Limitations and Future Work
To focus on areas for improvement we would like to be transparent about RTEB’s current limitations and our plans for the long run.
- Benchmark Scope: RTEB is targeted on realistic, retrieval-first use cases. Highly difficult synthetic datasets aren’t a current goal but might be added in the long run.
- Modality: The benchmark currently evaluates text-only retrieval. We plan to include text-image and other multimodal retrieval tasks in future releases.

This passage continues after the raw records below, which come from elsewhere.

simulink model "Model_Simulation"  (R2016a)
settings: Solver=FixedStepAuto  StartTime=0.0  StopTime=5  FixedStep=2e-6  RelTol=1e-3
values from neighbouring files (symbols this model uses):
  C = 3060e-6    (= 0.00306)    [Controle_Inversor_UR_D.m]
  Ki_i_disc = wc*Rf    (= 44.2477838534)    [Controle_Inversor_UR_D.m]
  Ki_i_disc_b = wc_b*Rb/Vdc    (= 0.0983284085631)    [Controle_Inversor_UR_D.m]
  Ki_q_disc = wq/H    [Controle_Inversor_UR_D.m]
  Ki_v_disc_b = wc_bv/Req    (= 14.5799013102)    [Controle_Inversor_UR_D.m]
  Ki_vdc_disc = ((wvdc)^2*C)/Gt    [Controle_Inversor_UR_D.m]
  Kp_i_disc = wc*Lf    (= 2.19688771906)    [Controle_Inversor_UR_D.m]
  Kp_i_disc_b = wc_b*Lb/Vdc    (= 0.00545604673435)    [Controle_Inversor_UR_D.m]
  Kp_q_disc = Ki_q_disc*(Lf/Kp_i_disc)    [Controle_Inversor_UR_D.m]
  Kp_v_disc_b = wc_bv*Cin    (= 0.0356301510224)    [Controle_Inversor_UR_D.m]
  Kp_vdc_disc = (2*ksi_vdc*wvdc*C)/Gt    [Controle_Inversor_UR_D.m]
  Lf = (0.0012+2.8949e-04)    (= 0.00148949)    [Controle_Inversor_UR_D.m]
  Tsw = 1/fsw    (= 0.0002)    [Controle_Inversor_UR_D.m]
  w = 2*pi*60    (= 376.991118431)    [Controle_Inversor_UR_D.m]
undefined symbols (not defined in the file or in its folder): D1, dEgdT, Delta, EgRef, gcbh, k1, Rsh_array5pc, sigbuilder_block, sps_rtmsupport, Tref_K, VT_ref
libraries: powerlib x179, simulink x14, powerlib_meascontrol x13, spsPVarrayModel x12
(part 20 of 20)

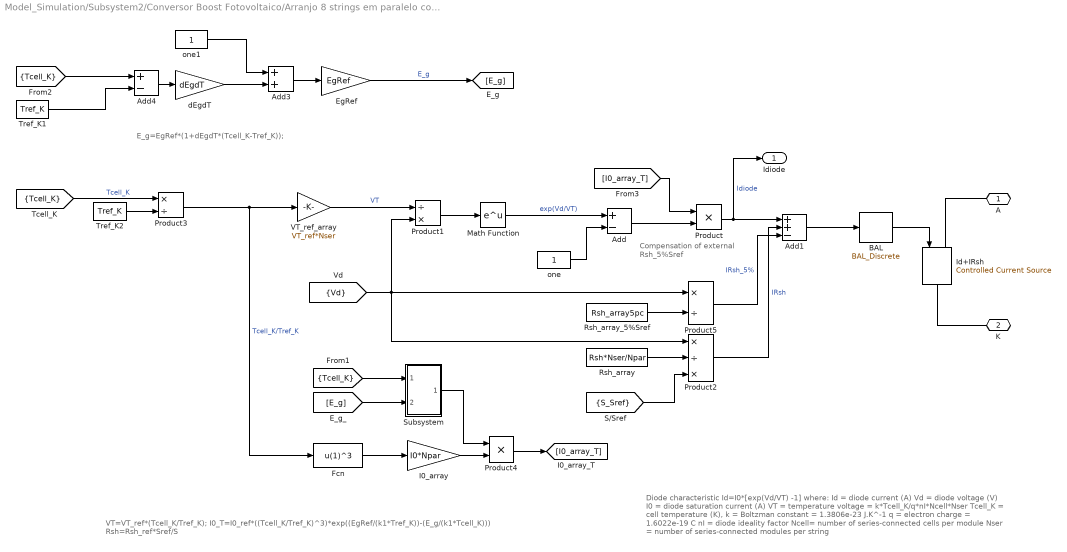
== system Model_Simulation/Subsystem2/Conversor Boost Fotovoltaico/Arranjo 8 strings em paralelo com 43 módulos em série Vmp = 43 x 30,6 = 1315,8 V Imp = 8,32 x 7 = 58,24 A 76.632,192 W/Diode Rsh ==
  note: E_g=EgRef*(1+dEgdT*(Tcell_K-Tref_K));
  note: VT=VT_ref*(Tcell_K/Tref_K);
      | I0_T=I0_ref*((Tcell_K/Tref_K)^3)*exp((EgRef/(k1*Tref_K))-(E_g/(k1*Tcell_K)))
      | Rsh=Rsh_ref*Sref/S
  note: Diode characteristic
      |    Id=I0*[exp(Vd/VT) -1]
      |
      | where:
      |      Id = diode current (A)
      |      Vd = diode voltage (V)
      |      I0 = diode saturation current (A)
      |      VT = temperature voltage = k*Tcell_K/q*nI*Ncell*Nser
      | Tcell_K = cell temperature (K),
      |       k = Boltzman constant = 1.3806e-23 J.K^-1
      |       q = electron charge = 1.6022e-19 C
      |      nI = diode ideality factor
      |    Ncell= number of series-connected cells per module
      |    Nser = number of series-connected modules per string
  note: Compensation of
      | external Rsh_5%Sref
  Add : Sum  Inputs=+-
  Add1 : Sum  Inputs=++-
  Add3 : Sum
  Add4 : Sum  Inputs=+-
  BAL : spsPVarrayModel/BAL_Discrete  VariantControl=NoBAL
  EgRef : Gain  Gain=EgRef
  Fcn : Fcn  Expr=u(1)^3
  I0_array : Gain  Gain=I0*Npar
  Id+IRsh : powerlib/Electrical Sources/Controlled Current Source  Initialize=on  Source_Type=AC  Amplitude=0  Phase=0  Frequency=0  Measurements=None
  Math Function : Math  SaturateOnIntegerOverflow=on
  Product : Product  RndMeth=Zero
  Product1 : Product  Inputs=/*  RndMeth=Zero
  Product2 : Product  Inputs=*/*  RndMeth=Zero
  Product3 : Product  Inputs=*/  RndMeth=Zero
  Product4 : Product  Inputs=**  RndMeth=Zero
  Product5 : Product  Inputs=*/  RndMeth=Zero
  Rsh_array : Constant  Value=Rsh*Nser/Npar
  Rsh_array_5%Sref : Constant  Value=Rsh_array5pc
  Subsystem : Subsystem
  Tref_K1 : Constant  Value=Tref_K
  Tref_K2 : Constant  Value=Tref_K
  VT_ref_array : Gain  Gain=VT_ref*Nser
  dEgdT : Gain  Gain=dEgdT
  one : Constant
  one1 : Constant
  A : PMIOPort  Port=1  Side=Left
  K : PMIOPort  Port=2  Side=Right
  Idiode : Outport
  wires:
  [Vd] -> Product1/2, Product2/1, Product5/1
  [S_Sref] -> Product2/3
  [I0_array_T] -> Product/1
  VT_ref_array/1 -> Product1/1  "VT"
  Add/1 -> Product/2
  Product4/1 -> [I0_array_T]
  Tref_K2/1 -> Product3/2
  [E_g] -> Subsystem/2(E_g)
  [Tcell_K] -> Subsystem/1(Tcell_K)
  Subsystem/1(exp) -> Product4/1
  Tref_K1/1 -> Add4/2
  [Tcell_K] -> Add4/1
  Fcn/1 -> I0_array/1
  I0_array/1 -> Product4/2
  EgRef/1 -> [E_g]  "E_g"
  Add3/1 -> EgRef/1
  dEgdT/1 -> Add3/2
  Add4/1 -> dEgdT/1
  one1/1 -> Add3/1
  Product3/1 -> Fcn/1, VT_ref_array/1  "Tcell_K/Tref_K"
  [Tcell_K] -> Product3/1  "Tcell_K"
  Rsh_array/1 -> Product2/2
  one/1 -> Add/2
  Product1/1 -> Math Function/1
  Product/1 -> Idiode/1, Add1/1  "Idiode"
  Product2/1 -> Add1/2  "IRsh"
  Math Function/1 -> Add/1  "exp(Vd/VT)"
  Rsh_array_5%Sref/1 -> Product5/2
  Product5/1 -> Add1/3  "IRsh_5%"
  Add1/1 -> BAL/1
  BAL/1 -> Id+IRsh/1
  connections:
  A/RConn1 -- Id+IRsh/LConn1
  Id+IRsh/RConn1 -- K/RConn1

== system Model_Simulation/Subsystem2/Conversor Boost Fotovoltaico/Arranjo 8 strings em paralelo com 43 módulos em série Vmp = 43 x 30,6 = 1315,8 V Imp = 8,32 x 7 = 58,24 A 76.632,192 W/IL ctrl ==
  note: IL=S/Sref*(IL_ref+alpha_isc*(Tcell_K-Tref_K));
  Temperature : Inport
  Irradiance : Inport  Port=2
  0_K : Constant  Value=273.15
  1/Sref : Gain  Gain=1e-3
  Add : Sum
  Add2 : Sum
  Add3 : Sum  Inputs=+-
  IL_module : Constant  Value=IL
  Npar : Gain  Gain=Npar
  Product1 : Product  Inputs=**  RndMeth=Zero
  Tref_K : Constant  Value=Tref_K
  alpha_Isc : Gain  Gain=alpha_Isc
  IL : Outport
  tag scope: S_Sref=scoped, Tcell_K=scoped
  wires:
  1/Sref/1 -> [S_Sref], Product1/2  "S/Sref"
  Npar/1 -> Product1/1
  Add2/1 -> [Tcell_K], Add3/1  "Tcell_K"
  Add/1 -> Npar/1
  0_K/1 -> Add2/2
  IL_module/1 -> Add/2
  Product1/1 -> IL/1  "IL"
  Tref_K/1 -> Add3/2
  Add3/1 -> alpha_Isc/1
  alpha_Isc/1 -> Add/1
  Irradiance/1 -> 1/Sref/1
  Temperature/1 -> Add2/1

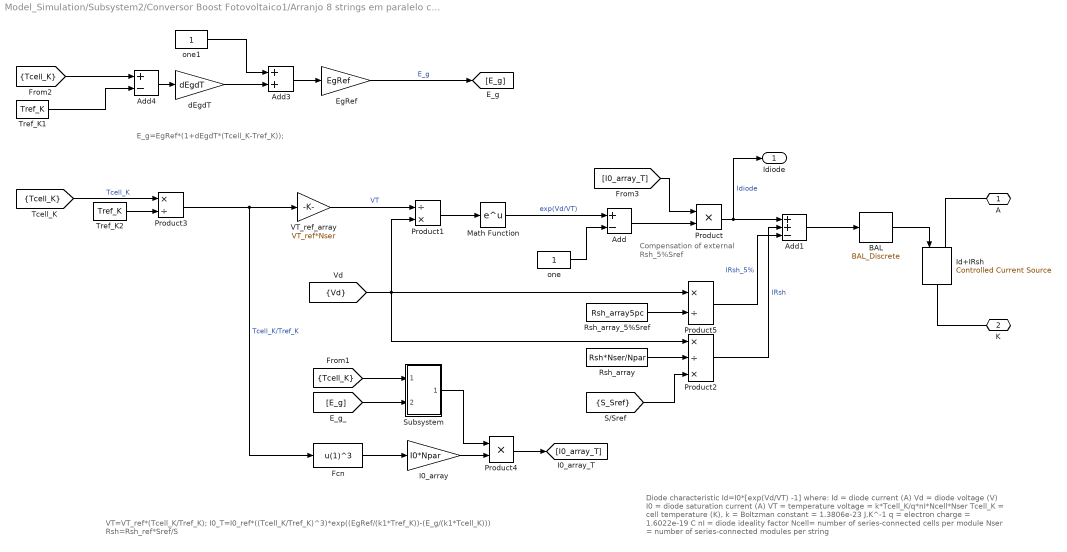
== system Model_Simulation/Subsystem2/Conversor Boost Fotovoltaico1/Arranjo 8 strings em paralelo com 43 módulos em série Vmp = 43 x 30,6 = 1315,8 V Imp = 8,32 x 7 = 58,24 A 76.632,192 W/Diode Rsh ==
  note: Compensation of
      | external Rsh_5%Sref
  note: Diode characteristic
      |    Id=I0*[exp(Vd/VT) -1]
      |
      | where:
      |      Id = diode current (A)
      |      Vd = diode voltage (V)
      |      I0 = diode saturation current (A)
      |      VT = temperature voltage = k*Tcell_K/q*nI*Ncell*Nser
      | Tcell_K = cell temperature (K),
      |       k = Boltzman constant = 1.3806e-23 J.K^-1
      |       q = electron charge = 1.6022e-19 C
      |      nI = diode ideality factor
      |    Ncell= number of series-connected cells per module
      |    Nser = number of series-connected modules per string
  note: VT=VT_ref*(Tcell_K/Tref_K);
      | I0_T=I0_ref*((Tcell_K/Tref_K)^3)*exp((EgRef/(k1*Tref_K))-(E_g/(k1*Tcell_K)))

- Language Coverage: We’re actively working to expand our language coverage, particularly for major languages like Chinese and Arabic, in addition to more low-resource languages. In case you know of high-quality datasets that matches these criteria please tell us.
- Repurposing of QA dataset: About 50% of the present retrieval datasets are repurposed from QA datasets, which could result in issues akin to a powerful lexical overlap between the query and the context, favoring models that depend on keyword matching over true semantic understanding.
- Private datasets: To check for generalization, we utilize private datasets which can be only accessible to MTEB maintainers. To keep up fairness, all maintainers commit to not publishing models trained on these datasets and only testing on these private datasets through public channels, ensuring no company or individual receives unfair benefits.
Our goal is for RTEB to develop into a community-trusted standard for retrieval evaluation.
The RTEB leaderboard is accessible today on Hugging Face as an element of the brand new Retrieval section on the MTEB leaderboard. We invite you to ascertain it out, evaluate your models, and join us in constructing a greater, more reliable benchmark for all the AI community.